Exercise details
Your answer should be the lines below from the one holding "#78=CARTESIAN_POINT('',(2.14999999999999,7.9,-2.5));" through the one holding "#130=ORIENTED_EDGE('',*,*,#129,.T.);", copied exactly and with nothing else.

Study material
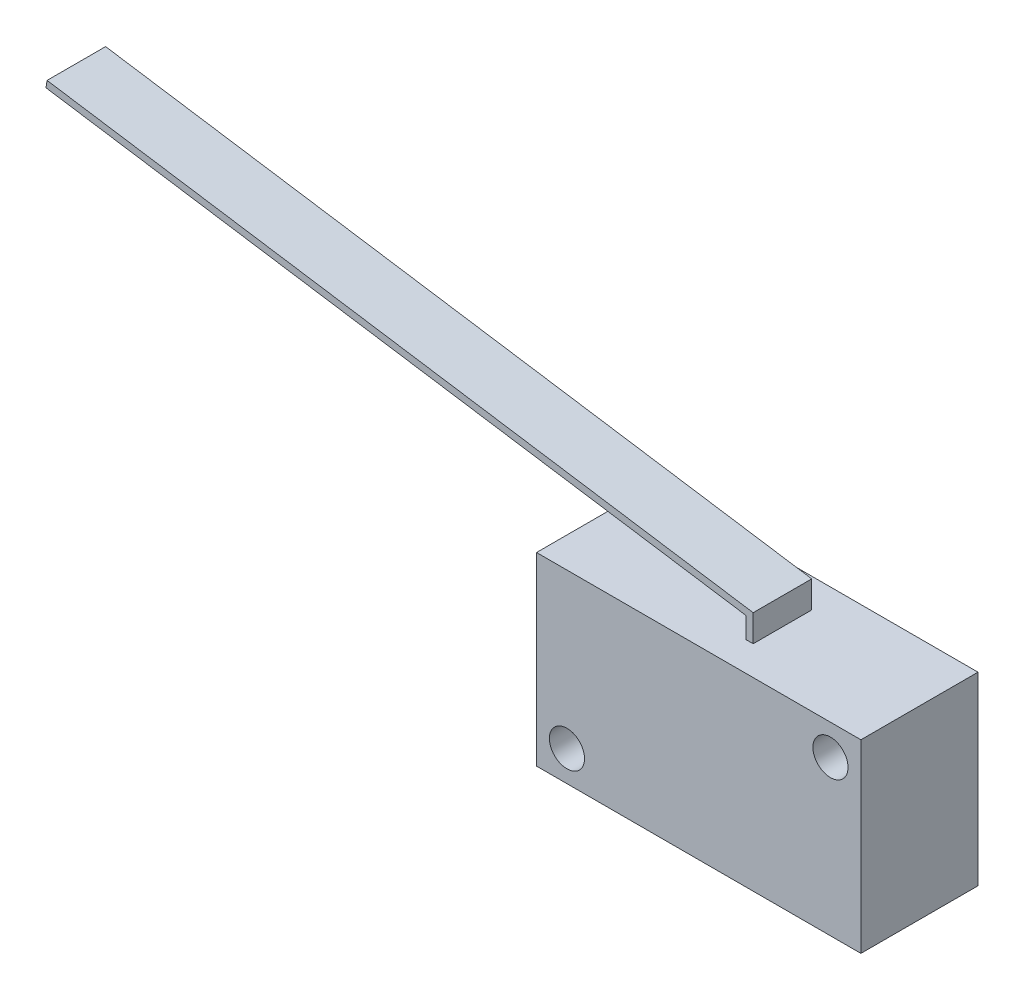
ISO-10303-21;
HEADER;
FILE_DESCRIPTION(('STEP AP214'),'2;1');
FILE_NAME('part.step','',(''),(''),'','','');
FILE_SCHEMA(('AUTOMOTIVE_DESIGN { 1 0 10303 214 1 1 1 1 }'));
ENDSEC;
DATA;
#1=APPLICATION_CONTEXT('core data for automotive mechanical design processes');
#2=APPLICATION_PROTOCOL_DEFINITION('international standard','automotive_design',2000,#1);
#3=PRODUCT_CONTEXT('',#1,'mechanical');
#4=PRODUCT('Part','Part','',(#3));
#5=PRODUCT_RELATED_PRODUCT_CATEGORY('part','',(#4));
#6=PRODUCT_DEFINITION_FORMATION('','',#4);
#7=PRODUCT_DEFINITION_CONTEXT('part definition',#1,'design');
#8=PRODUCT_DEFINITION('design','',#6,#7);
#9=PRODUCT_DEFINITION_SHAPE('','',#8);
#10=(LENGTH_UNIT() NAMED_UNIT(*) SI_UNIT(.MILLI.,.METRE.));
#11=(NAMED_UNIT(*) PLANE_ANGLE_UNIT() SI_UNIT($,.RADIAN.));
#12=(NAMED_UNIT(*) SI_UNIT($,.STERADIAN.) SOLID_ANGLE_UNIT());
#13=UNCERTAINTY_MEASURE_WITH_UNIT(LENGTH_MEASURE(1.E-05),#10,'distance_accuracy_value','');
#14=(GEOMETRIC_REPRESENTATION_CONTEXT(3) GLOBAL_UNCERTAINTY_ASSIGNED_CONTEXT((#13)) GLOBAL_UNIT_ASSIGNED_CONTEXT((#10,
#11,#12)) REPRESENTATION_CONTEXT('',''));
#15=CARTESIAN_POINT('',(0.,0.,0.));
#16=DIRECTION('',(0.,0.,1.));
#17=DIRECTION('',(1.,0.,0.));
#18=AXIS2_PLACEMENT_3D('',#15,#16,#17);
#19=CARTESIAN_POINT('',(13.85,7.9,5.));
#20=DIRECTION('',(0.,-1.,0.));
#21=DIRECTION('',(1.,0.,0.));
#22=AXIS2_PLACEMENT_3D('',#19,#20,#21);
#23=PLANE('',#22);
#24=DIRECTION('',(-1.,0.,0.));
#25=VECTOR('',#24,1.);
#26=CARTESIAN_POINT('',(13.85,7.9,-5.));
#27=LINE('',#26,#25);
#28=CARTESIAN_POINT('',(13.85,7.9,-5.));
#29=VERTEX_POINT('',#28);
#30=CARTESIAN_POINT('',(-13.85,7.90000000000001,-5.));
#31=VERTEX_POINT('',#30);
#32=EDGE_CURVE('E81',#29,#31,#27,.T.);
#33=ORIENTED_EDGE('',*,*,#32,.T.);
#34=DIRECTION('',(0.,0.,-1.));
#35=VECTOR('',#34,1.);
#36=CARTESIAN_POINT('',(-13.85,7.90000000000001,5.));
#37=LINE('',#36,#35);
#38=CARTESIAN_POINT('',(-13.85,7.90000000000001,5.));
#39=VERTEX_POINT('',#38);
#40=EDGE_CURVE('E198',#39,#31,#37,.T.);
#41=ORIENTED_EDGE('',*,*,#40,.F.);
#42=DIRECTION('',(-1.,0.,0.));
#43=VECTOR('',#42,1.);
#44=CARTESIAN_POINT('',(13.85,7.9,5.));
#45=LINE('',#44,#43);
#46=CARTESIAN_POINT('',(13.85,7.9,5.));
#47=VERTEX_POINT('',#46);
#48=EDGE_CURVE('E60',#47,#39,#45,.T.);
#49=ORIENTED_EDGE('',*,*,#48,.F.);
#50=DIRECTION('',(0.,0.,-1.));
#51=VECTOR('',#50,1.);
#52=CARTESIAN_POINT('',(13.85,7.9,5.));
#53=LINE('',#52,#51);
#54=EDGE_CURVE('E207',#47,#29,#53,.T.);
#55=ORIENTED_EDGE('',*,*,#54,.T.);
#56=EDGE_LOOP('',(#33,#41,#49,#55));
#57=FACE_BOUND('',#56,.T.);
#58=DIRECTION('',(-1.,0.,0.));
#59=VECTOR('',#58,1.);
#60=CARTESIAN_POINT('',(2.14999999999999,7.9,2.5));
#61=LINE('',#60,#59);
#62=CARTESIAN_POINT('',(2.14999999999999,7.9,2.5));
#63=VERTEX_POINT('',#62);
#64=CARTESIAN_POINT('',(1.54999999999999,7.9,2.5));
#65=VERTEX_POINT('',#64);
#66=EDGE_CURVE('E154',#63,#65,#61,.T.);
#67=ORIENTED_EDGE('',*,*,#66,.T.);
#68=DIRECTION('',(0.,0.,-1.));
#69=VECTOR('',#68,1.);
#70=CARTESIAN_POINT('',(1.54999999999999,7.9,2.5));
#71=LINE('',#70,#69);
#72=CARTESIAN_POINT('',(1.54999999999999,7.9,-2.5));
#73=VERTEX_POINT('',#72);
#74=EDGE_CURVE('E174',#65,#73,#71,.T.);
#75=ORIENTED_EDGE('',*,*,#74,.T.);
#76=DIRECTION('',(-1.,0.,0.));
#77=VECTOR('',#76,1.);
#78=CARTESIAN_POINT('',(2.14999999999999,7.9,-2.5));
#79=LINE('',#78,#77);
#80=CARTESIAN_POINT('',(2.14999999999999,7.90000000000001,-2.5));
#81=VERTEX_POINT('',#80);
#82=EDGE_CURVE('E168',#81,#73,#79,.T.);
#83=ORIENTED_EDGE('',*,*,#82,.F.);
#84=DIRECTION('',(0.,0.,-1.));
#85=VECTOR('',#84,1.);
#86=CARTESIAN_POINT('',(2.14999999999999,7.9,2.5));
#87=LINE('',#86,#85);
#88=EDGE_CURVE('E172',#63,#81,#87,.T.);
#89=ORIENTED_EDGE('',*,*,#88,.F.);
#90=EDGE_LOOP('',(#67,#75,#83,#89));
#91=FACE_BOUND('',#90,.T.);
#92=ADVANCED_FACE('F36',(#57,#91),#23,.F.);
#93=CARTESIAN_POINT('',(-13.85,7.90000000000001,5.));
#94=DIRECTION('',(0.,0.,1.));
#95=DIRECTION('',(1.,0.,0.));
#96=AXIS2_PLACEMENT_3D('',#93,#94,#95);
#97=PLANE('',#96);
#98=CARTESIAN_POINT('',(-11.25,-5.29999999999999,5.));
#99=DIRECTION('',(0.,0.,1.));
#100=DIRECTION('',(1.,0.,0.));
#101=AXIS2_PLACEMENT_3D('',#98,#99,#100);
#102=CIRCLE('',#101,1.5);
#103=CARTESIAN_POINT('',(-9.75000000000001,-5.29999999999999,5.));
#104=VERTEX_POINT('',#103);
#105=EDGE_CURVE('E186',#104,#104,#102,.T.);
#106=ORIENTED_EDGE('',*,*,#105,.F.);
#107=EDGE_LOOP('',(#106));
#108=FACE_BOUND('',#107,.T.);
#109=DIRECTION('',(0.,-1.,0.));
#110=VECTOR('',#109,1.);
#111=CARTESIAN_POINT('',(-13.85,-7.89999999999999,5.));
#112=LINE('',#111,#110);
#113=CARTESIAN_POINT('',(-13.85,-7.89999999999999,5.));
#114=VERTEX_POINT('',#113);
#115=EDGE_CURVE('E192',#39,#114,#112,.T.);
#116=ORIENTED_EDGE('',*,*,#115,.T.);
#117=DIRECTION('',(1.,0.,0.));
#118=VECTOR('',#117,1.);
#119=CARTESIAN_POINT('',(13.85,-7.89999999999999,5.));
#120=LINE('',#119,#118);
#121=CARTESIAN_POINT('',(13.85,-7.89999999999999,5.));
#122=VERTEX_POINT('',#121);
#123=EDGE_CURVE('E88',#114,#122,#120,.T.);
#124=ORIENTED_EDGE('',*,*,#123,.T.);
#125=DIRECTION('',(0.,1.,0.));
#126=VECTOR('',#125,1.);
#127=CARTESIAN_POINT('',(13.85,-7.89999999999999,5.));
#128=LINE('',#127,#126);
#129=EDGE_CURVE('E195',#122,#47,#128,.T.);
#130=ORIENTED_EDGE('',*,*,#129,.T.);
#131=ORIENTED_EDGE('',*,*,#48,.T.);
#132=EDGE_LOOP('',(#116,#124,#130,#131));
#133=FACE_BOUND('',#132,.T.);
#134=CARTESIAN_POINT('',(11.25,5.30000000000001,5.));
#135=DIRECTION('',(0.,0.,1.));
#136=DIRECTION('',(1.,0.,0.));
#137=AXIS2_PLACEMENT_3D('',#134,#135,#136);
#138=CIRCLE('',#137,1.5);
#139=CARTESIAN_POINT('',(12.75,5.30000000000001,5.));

Finished exercise
#78=CARTESIAN_POINT('',(2.14999999999999,7.9,-2.5));
#79=LINE('',#78,#77);
#80=CARTESIAN_POINT('',(2.14999999999999,7.90000000000001,-2.5));
#81=VERTEX_POINT('',#80);
#82=EDGE_CURVE('E168',#81,#73,#79,.T.);
#83=ORIENTED_EDGE('',*,*,#82,.F.);
#84=DIRECTION('',(0.,0.,-1.));
#85=VECTOR('',#84,1.);
#86=CARTESIAN_POINT('',(2.14999999999999,7.9,2.5));
#87=LINE('',#86,#85);
#88=EDGE_CURVE('E172',#63,#81,#87,.T.);
#89=ORIENTED_EDGE('',*,*,#88,.F.);
#90=EDGE_LOOP('',(#67,#75,#83,#89));
#91=FACE_BOUND('',#90,.T.);
#92=ADVANCED_FACE('F36',(#57,#91),#23,.F.);
#93=CARTESIAN_POINT('',(-13.85,7.90000000000001,5.));
#94=DIRECTION('',(0.,0.,1.));
#95=DIRECTION('',(1.,0.,0.));
#96=AXIS2_PLACEMENT_3D('',#93,#94,#95);
#97=PLANE('',#96);
#98=CARTESIAN_POINT('',(-11.25,-5.29999999999999,5.));
#99=DIRECTION('',(0.,0.,1.));
#100=DIRECTION('',(1.,0.,0.));
#101=AXIS2_PLACEMENT_3D('',#98,#99,#100);
#102=CIRCLE('',#101,1.5);
#103=CARTESIAN_POINT('',(-9.75000000000001,-5.29999999999999,5.));
#104=VERTEX_POINT('',#103);
#105=EDGE_CURVE('E186',#104,#104,#102,.T.);
#106=ORIENTED_EDGE('',*,*,#105,.F.);
#107=EDGE_LOOP('',(#106));
#108=FACE_BOUND('',#107,.T.);
#109=DIRECTION('',(0.,-1.,0.));
#110=VECTOR('',#109,1.);
#111=CARTESIAN_POINT('',(-13.85,-7.89999999999999,5.));
#112=LINE('',#111,#110);
#113=CARTESIAN_POINT('',(-13.85,-7.89999999999999,5.));
#114=VERTEX_POINT('',#113);
#115=EDGE_CURVE('E192',#39,#114,#112,.T.);
#116=ORIENTED_EDGE('',*,*,#115,.T.);
#117=DIRECTION('',(1.,0.,0.));
#118=VECTOR('',#117,1.);
#119=CARTESIAN_POINT('',(13.85,-7.89999999999999,5.));
#120=LINE('',#119,#118);
#121=CARTESIAN_POINT('',(13.85,-7.89999999999999,5.));
#122=VERTEX_POINT('',#121);
#123=EDGE_CURVE('E88',#114,#122,#120,.T.);
#124=ORIENTED_EDGE('',*,*,#123,.T.);
#125=DIRECTION('',(0.,1.,0.));
#126=VECTOR('',#125,1.);
#127=CARTESIAN_POINT('',(13.85,-7.89999999999999,5.));
#128=LINE('',#127,#126);
#129=EDGE_CURVE('E195',#122,#47,#128,.T.);
#130=ORIENTED_EDGE('',*,*,#129,.T.);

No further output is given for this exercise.